Selanjutnya mari kita perhatikan hadis berikut :
حَدَّثَنَا مَحْمُودُ بْنُ خَالِدٍ الدِّمَشْقِيُّ وَعَبْدُ اللَّهِ بْنُ عَبْدِ الرَّحْمَنِ السَّمْرَقَنْدِيُّ قَالَا حَدَّثَنَا مَرْوَانُ قَالَ عَبْدُ اللَّهِ حَدَّثَنَا أَبُو يَزِيدَ الْخَوْلَانِيُّ وَكَانَ شَيْخَ صِدْقٍ وَكَانَ ابْنُ وَهْبٍ يَرْوِي عَنْهُ حَدَّثَنَا سَيَّارُ بْنُ عَبْدِ الرَّحْمَنِ قَالَ مَحْمُودٌ الصَّدَفِيُّ عَنْ عِكْرِمَةَ عَنْ ابْنِ عَبَّاسٍ قَالَ فَرَضَ رَسُولُ اللَّهِ صَلَّى اللَّهُ عَلَيْهِ وَسَلَّمَ زَكَاةَ الْفِطْرِ طُهْرَةً لِلصَّائِمِ مِنْ اللَّغْوِ وَالرَّفَثِ وَطُعْمَةً لِلْمَسَاكِينِ مَنْ أَدَّاهَا قَبْلَ الصَّلَاةِ فَهِيَ زَكَاةٌ مَقْبُولَةٌ وَمَنْ أَدَّاهَا بَعْدَ الصَّلَاةِ فَهِيَ صَدَقَةٌ مِنْ الصَّدَقَاتِ
Telah menceritakan kepada Kami [Mahmud bin Khalid Ad Dimasyqi] dan [Abdullah bin Abdurrahman As Samarqandi] berkata; telah menceritakan kepada Kami [Marwan], Abdullah berkata; telah menceritakan kepada Kami [Abu Yazid Al Khaulani] ia adalah syekh yang jujur, dan Ibnu Wahb telah meriwayatkan darinya, telah menceritakan kepada Kami [Sayyar bin Abdurrahman], Mahmud Ash Shadafi berkata; dari [Ikrimah] dari [Ibnu Abbas], ia berkata; Rasulullah Shalallahu 'alaihi wa sallam mewajibkan Zakat fitrah untuk mensucikan orang yang berpuasa dari bersenda gurau dan kata-kata keji, dan juga untuk memberi makan miskin. Barangsiapa yang menunaikannya sebelum shalat maka zakatnya diterima dan barangsiapa yang menunaikannya setelah shalat maka itu hanya sedekah diantara berbagai sedekah. (HR. Abu Daud dalam Sunan Abu Daud hadis nomor 1371).
Dalam hadis tersebut dijelaskan bahwa jika menunaikan zakat fitrah sebelum sholat (idul fitri) maka zakatnya diterima, dan jika menunaikan zakat fitrah setelah sholat (idul fitri) maka itu hanyalah sedekah biasa (tidak termasuk zakat fitrah).

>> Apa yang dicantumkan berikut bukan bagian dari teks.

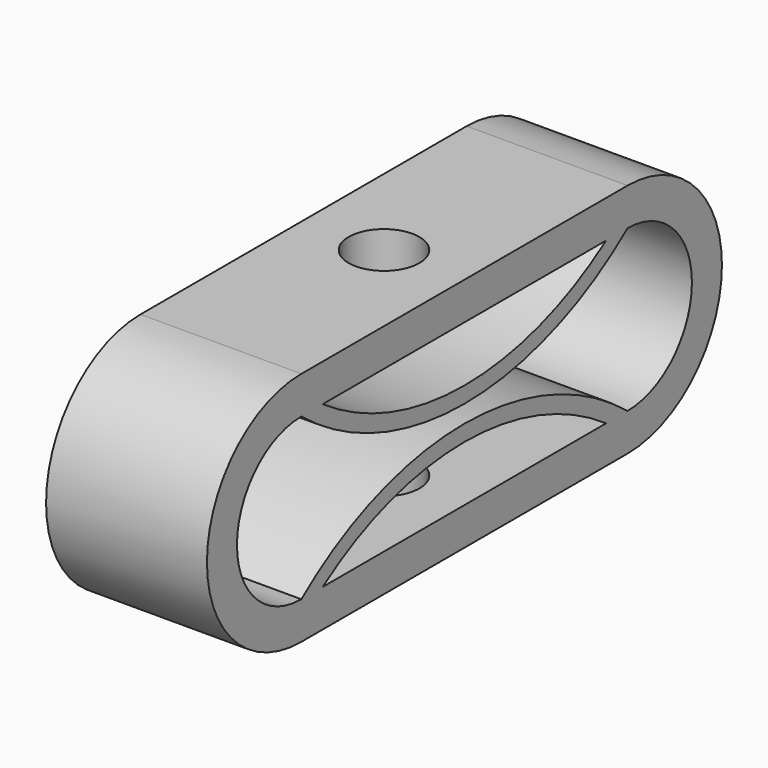
from build123d import *

# Parameters (mm, degrees)
F1_DEPTH = 7.5
F3_D     = 6.6
F3_DEPTH = 4
F3_TIP   = 1.9828400428


# Not quite as in the source:
# - a pattern or mirror of a feature is missing from the dataset's text; its kind, count and spacing are read off the source's solid


with BuildPart() as f1:
    # F0 (on Right) → F1 (new body, symmetric)
    with BuildSketch(Plane.YZ):
        with BuildLine():
            Line((19.0101097905, 11), (-19.0101097905, 11))
            ThreePointArc((-19.0101097905, 11), (-30.0101097905, 0), (-19.0101097905, -11))
            Line((-19.0101097905, -11), (19.0101097905, -11))
            ThreePointArc((19.0101097905, -11), (30.0101097905, 0), (19.0101097905, 11))
        make_face()
        with BuildLine():
            Line((16.508441914, -7.5), (-16.508441914, -7.5))
            ThreePointArc((-16.508441914, -7.5), (0, -2.3140263028), (16.508441914, -7.5))
        make_face(mode=Mode.SUBTRACT)
        with BuildLine():
            ThreePointArc((-19.0101097905, -7.5), (-26.5101097905, 0), (-19.0101097905, 7.5))
            ThreePointArc((-19.0101097905, 7.5), (0, 0.8140263028), (19.0101097905, 7.5))
            ThreePointArc((19.0101097905, 7.5), (26.5101097905, 0), (19.0101097905, -7.5))
            ThreePointArc((19.0101097905, -7.5), (0, -0.8140263028), (-19.0101097905, -7.5))
        make_face(mode=Mode.SUBTRACT)
        with BuildLine():
            ThreePointArc((16.508441914, 7.5), (0, 2.3140263028), (-16.508441914, 7.5))
            Line((-16.508441914, 7.5), (16.508441914, 7.5))
        make_face(mode=Mode.SUBTRACT)
    extrude(amount=F1_DEPTH, both=True)

    # F3
    with Locations(Plane.XY.offset(11)):
        with Locations((0, 0)):
            f3 = Hole(F3_D / 2, depth=F3_DEPTH)
            with Locations((0, 0, -(F3_DEPTH + F3_TIP / 2))):  # 118° drill point
                Cone(0, F3_D / 2, F3_TIP, mode=Mode.SUBTRACT)

    # F3_copies: F3 across plane
    add(f3.mirror(Plane(origin=(0, 0, 0), x_dir=(-1, 0, 0), z_dir=(0, 0, -1))), mode=Mode.SUBTRACT)


solid = f1.part
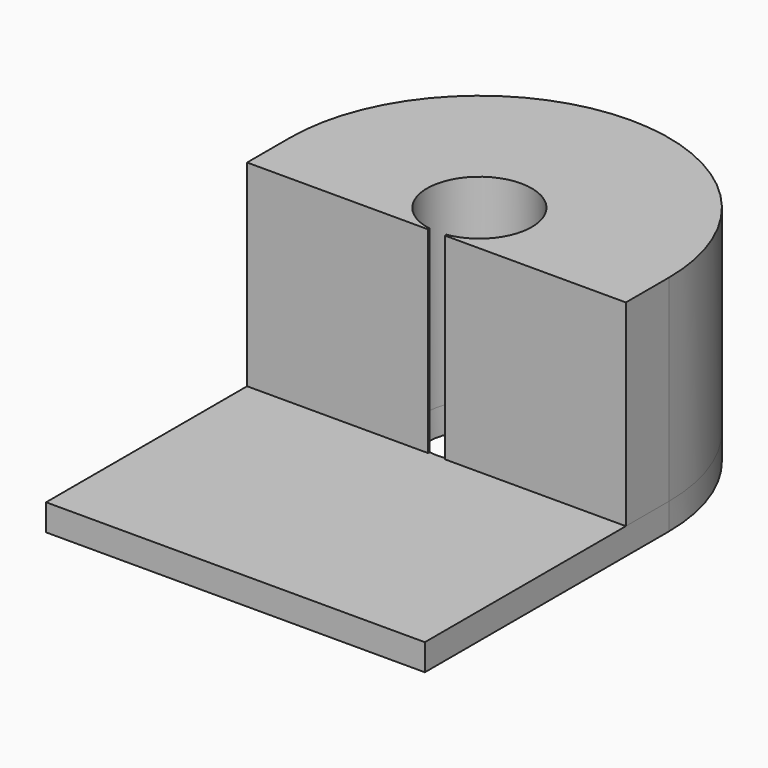
from build123d import *
from build123d import SkipClean  # not in build123d's __all__

# Parameters (mm, degrees)
F1_DEPTH = 15.6
F2_R     = 4.15
F3_DEPTH = 2.1


with BuildPart() as f1:
    # F0 (on Top) → F1 (new body)
    with BuildSketch(Plane.XY):
        with BuildLine():
            ThreePointArc((-0.6628195804, -4.096726767), (0, 4.15), (0.6628195804, -4.096726767))
            Line((0.6628195804, -4.096726767), (0.6628195804, -4.25))
            Line((0.6628195804, -4.25), (15, -4.25))
            Line((15, -4.25), (15, 0))
            ThreePointArc((15, 0), (0, 15), (-15, 0))
            Line((-15, 0), (-15, -4.25))
            Line((-15, -4.25), (-0.6628195804, -4.25))
            Line((-0.6628195804, -4.25), (-0.6628195804, -4.096726767))
        make_face()
    extrude(amount=F1_DEPTH)

    # F2 (on face) → F3 (join)
    with BuildSketch(Plane(origin=(0, 0, 0), x_dir=(1, 0, 0), z_dir=(0, 0, -1))):
        with BuildLine():
            ThreePointArc((-15, 0), (0, -15), (15, 0))
            Line((15, 0), (15, 24.15))
            Line((15, 24.15), (-15, 24.15))
            Line((-15, 24.15), (-15, 0))
        make_face()
        Circle(F2_R, mode=Mode.SUBTRACT)
    with SkipClean():  # cleaning this boolean's faces spoils the solid; the shape is the same uncleaned
        extrude(amount=F3_DEPTH)


solid = f1.part

Mari kita tinjau apakah benar pendapat bolehnya menyimpan zakat fitrah di masjid (panitia zakat) untuk dijadikan stok dan diberikan dikemudian hari setelah sholat idul fitri.
Sebelumnya, kita perlu memperhatikan peran masjid (panitia zakat) itu sebagai apa? Apakah sebagai penerima zakat atau penyalur zakat ?, Jawabannya yaitu :
1. Masjid (panitia zakat) bukan berperan sebagai penerima zakat fitrah.
2. Masjid (panitia zakat) berperan sebagai yang diamanahi untuk menyalurkan/membagikan zakat fitrah kepada orang yang berhak menerima.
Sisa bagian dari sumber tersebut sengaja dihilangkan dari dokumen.